[What you have to do] Copy the data exactly. Images are to be left out.

(Information begins)

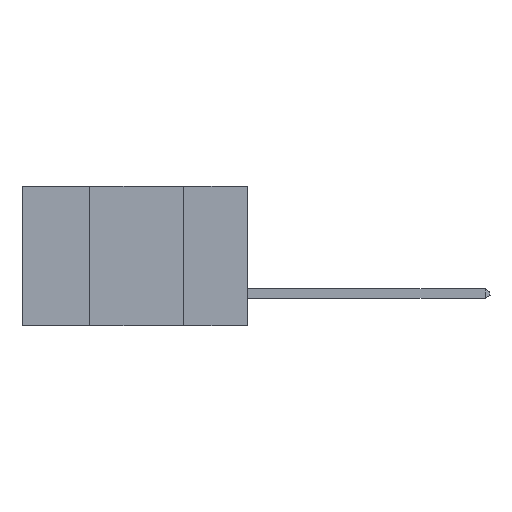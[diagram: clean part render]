
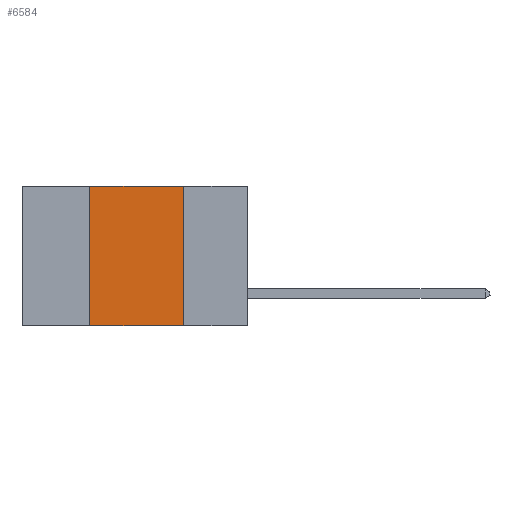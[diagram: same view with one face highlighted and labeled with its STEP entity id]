
A CAD part, left-side view. The second image highlights one B-rep face of the part: STEP entity #6584.
In plain terms, the highlighted planar face has unit normal (-1, 0, 0).
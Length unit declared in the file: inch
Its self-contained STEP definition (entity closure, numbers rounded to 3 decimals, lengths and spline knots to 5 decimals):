
#173 = DIRECTION ( 'NONE',  ( 1., 0., 0. ) ) ;
#920 = LINE ( 'NONE', #18430, #14411 ) ;
#1032 = AXIS2_PLACEMENT_3D ( 'NONE', #21046, #173, #21344 ) ;
#1498 = EDGE_CURVE ( 'NONE', #29016, #11526, #4357, .T. ) ;
#1691 = EDGE_LOOP ( 'NONE', ( #12725, #18336, #29432, #4820 ) ) ;
#1767 = DIRECTION ( 'NONE',  ( 0., 0., 1. ) ) ;
#2784 = CARTESIAN_POINT ( 'NONE',  ( 0., 0.6, -0.37 ) ) ;
#4357 = LINE ( 'NONE', #22627, #14881 ) ;
#4564 = VERTEX_POINT ( 'NONE', #8438 ) ;
#4820 = ORIENTED_EDGE ( 'NONE', *, *, #4831, .T. ) ;
#4831 = EDGE_CURVE ( 'NONE', #29016, #4564, #12684, .T. ) ;
#6391 = EDGE_CURVE ( 'NONE', #14323, #4564, #14979, .T. ) ;
#6584 = ADVANCED_FACE ( 'NONE', ( #14187 ), #9922, .F. ) ;
#7826 = CARTESIAN_POINT ( 'NONE',  ( 0., 0.42, -0.37 ) ) ;
#7957 = DIRECTION ( 'NONE',  ( 0., -1., 0. ) ) ;
#8109 = EDGE_CURVE ( 'NONE', #11526, #14323, #920, .T. ) ;
#8438 = CARTESIAN_POINT ( 'NONE',  ( 0., 0.17, -0.37 ) ) ;
#9922 = PLANE ( 'NONE',  #1032 ) ;
#11150 = CARTESIAN_POINT ( 'NONE',  ( 0., 0.17, 0. ) ) ;
#11526 = VERTEX_POINT ( 'NONE', #22074 ) ;
#12672 = VECTOR ( 'NONE', #15874, 39.37008 ) ;
#12684 = LINE ( 'NONE', #2784, #18389 ) ;
#12725 = ORIENTED_EDGE ( 'NONE', *, *, #6391, .F. ) ;
#14187 = FACE_OUTER_BOUND ( 'NONE', #1691, .T. ) ;
#14323 = VERTEX_POINT ( 'NONE', #20748 ) ;
#14411 = VECTOR ( 'NONE', #22835, 39.37008 ) ;
#14881 = VECTOR ( 'NONE', #1767, 39.37008 ) ;
#14979 = LINE ( 'NONE', #11150, #12672 ) ;
#15874 = DIRECTION ( 'NONE',  ( 0., 0., -1. ) ) ;
#18336 = ORIENTED_EDGE ( 'NONE', *, *, #8109, .F. ) ;
#18389 = VECTOR ( 'NONE', #7957, 39.37008 ) ;
#18430 = CARTESIAN_POINT ( 'NONE',  ( 0., 0.6, 0. ) ) ;
#20748 = CARTESIAN_POINT ( 'NONE',  ( 0., 0.17, 0. ) ) ;
#21046 = CARTESIAN_POINT ( 'NONE',  ( 0., 0.6, 0. ) ) ;
#21344 = DIRECTION ( 'NONE',  ( 0., 0., -1. ) ) ;
#22074 = CARTESIAN_POINT ( 'NONE',  ( 0., 0.42, 0. ) ) ;
#22627 = CARTESIAN_POINT ( 'NONE',  ( 0., 0.42, 0. ) ) ;
#22835 = DIRECTION ( 'NONE',  ( 0., -1., 0. ) ) ;
#29016 = VERTEX_POINT ( 'NONE', #7826 ) ;
#29432 = ORIENTED_EDGE ( 'NONE', *, *, #1498, .F. ) ;

(Information ends)

[Result of this exercise]
[diagram: clean part render]
[diagram: same view with one face highlighted and labeled with its STEP entity id]
A CAD part, left-side view. The second image highlights one B-rep face of the part: STEP entity #6584.
In plain terms, the highlighted planar face has unit normal (-1, 0, 0).
Length unit declared in the file: inch
Its self-contained STEP definition (entity closure, numbers rounded to 3 decimals, lengths and spline knots to 5 decimals):
#173 = DIRECTION ( 'NONE',  ( 1., 0., 0. ) ) ;
#920 = LINE ( 'NONE', #18430, #14411 ) ;
#1032 = AXIS2_PLACEMENT_3D ( 'NONE', #21046, #173, #21344 ) ;
#1498 = EDGE_CURVE ( 'NONE', #29016, #11526, #4357, .T. ) ;
#1691 = EDGE_LOOP ( 'NONE', ( #12725, #18336, #29432, #4820 ) ) ;
#1767 = DIRECTION ( 'NONE',  ( 0., 0., 1. ) ) ;
#2784 = CARTESIAN_POINT ( 'NONE',  ( 0., 0.6, -0.37 ) ) ;
#4357 = LINE ( 'NONE', #22627, #14881 ) ;
#4564 = VERTEX_POINT ( 'NONE', #8438 ) ;
#4820 = ORIENTED_EDGE ( 'NONE', *, *, #4831, .T. ) ;
#4831 = EDGE_CURVE ( 'NONE', #29016, #4564, #12684, .T. ) ;
#6391 = EDGE_CURVE ( 'NONE', #14323, #4564, #14979, .T. ) ;
#6584 = ADVANCED_FACE ( 'NONE', ( #14187 ), #9922, .F. ) ;
#7826 = CARTESIAN_POINT ( 'NONE',  ( 0., 0.42, -0.37 ) ) ;
#7957 = DIRECTION ( 'NONE',  ( 0., -1., 0. ) ) ;
#8109 = EDGE_CURVE ( 'NONE', #11526, #14323, #920, .T. ) ;
#8438 = CARTESIAN_POINT ( 'NONE',  ( 0., 0.17, -0.37 ) ) ;
#9922 = PLANE ( 'NONE',  #1032 ) ;
#11150 = CARTESIAN_POINT ( 'NONE',  ( 0., 0.17, 0. ) ) ;
#11526 = VERTEX_POINT ( 'NONE', #22074 ) ;
#12672 = VECTOR ( 'NONE', #15874, 39.37008 ) ;
#12684 = LINE ( 'NONE', #2784, #18389 ) ;
#12725 = ORIENTED_EDGE ( 'NONE', *, *, #6391, .F. ) ;
#14187 = FACE_OUTER_BOUND ( 'NONE', #1691, .T. ) ;
#14323 = VERTEX_POINT ( 'NONE', #20748 ) ;
#14411 = VECTOR ( 'NONE', #22835, 39.37008 ) ;
#14881 = VECTOR ( 'NONE', #1767, 39.37008 ) ;
#14979 = LINE ( 'NONE', #11150, #12672 ) ;
#15874 = DIRECTION ( 'NONE',  ( 0., 0., -1. ) ) ;
#18336 = ORIENTED_EDGE ( 'NONE', *, *, #8109, .F. ) ;
#18389 = VECTOR ( 'NONE', #7957, 39.37008 ) ;
#18430 = CARTESIAN_POINT ( 'NONE',  ( 0., 0.6, 0. ) ) ;
#20748 = CARTESIAN_POINT ( 'NONE',  ( 0., 0.17, 0. ) ) ;
#21046 = CARTESIAN_POINT ( 'NONE',  ( 0., 0.6, 0. ) ) ;
#21344 = DIRECTION ( 'NONE',  ( 0., 0., -1. ) ) ;
#22074 = CARTESIAN_POINT ( 'NONE',  ( 0., 0.42, 0. ) ) ;
#22627 = CARTESIAN_POINT ( 'NONE',  ( 0., 0.42, 0. ) ) ;
#22835 = DIRECTION ( 'NONE',  ( 0., -1., 0. ) ) ;
#29016 = VERTEX_POINT ( 'NONE', #7826 ) ;
#29432 = ORIENTED_EDGE ( 'NONE', *, *, #1498, .F. ) ;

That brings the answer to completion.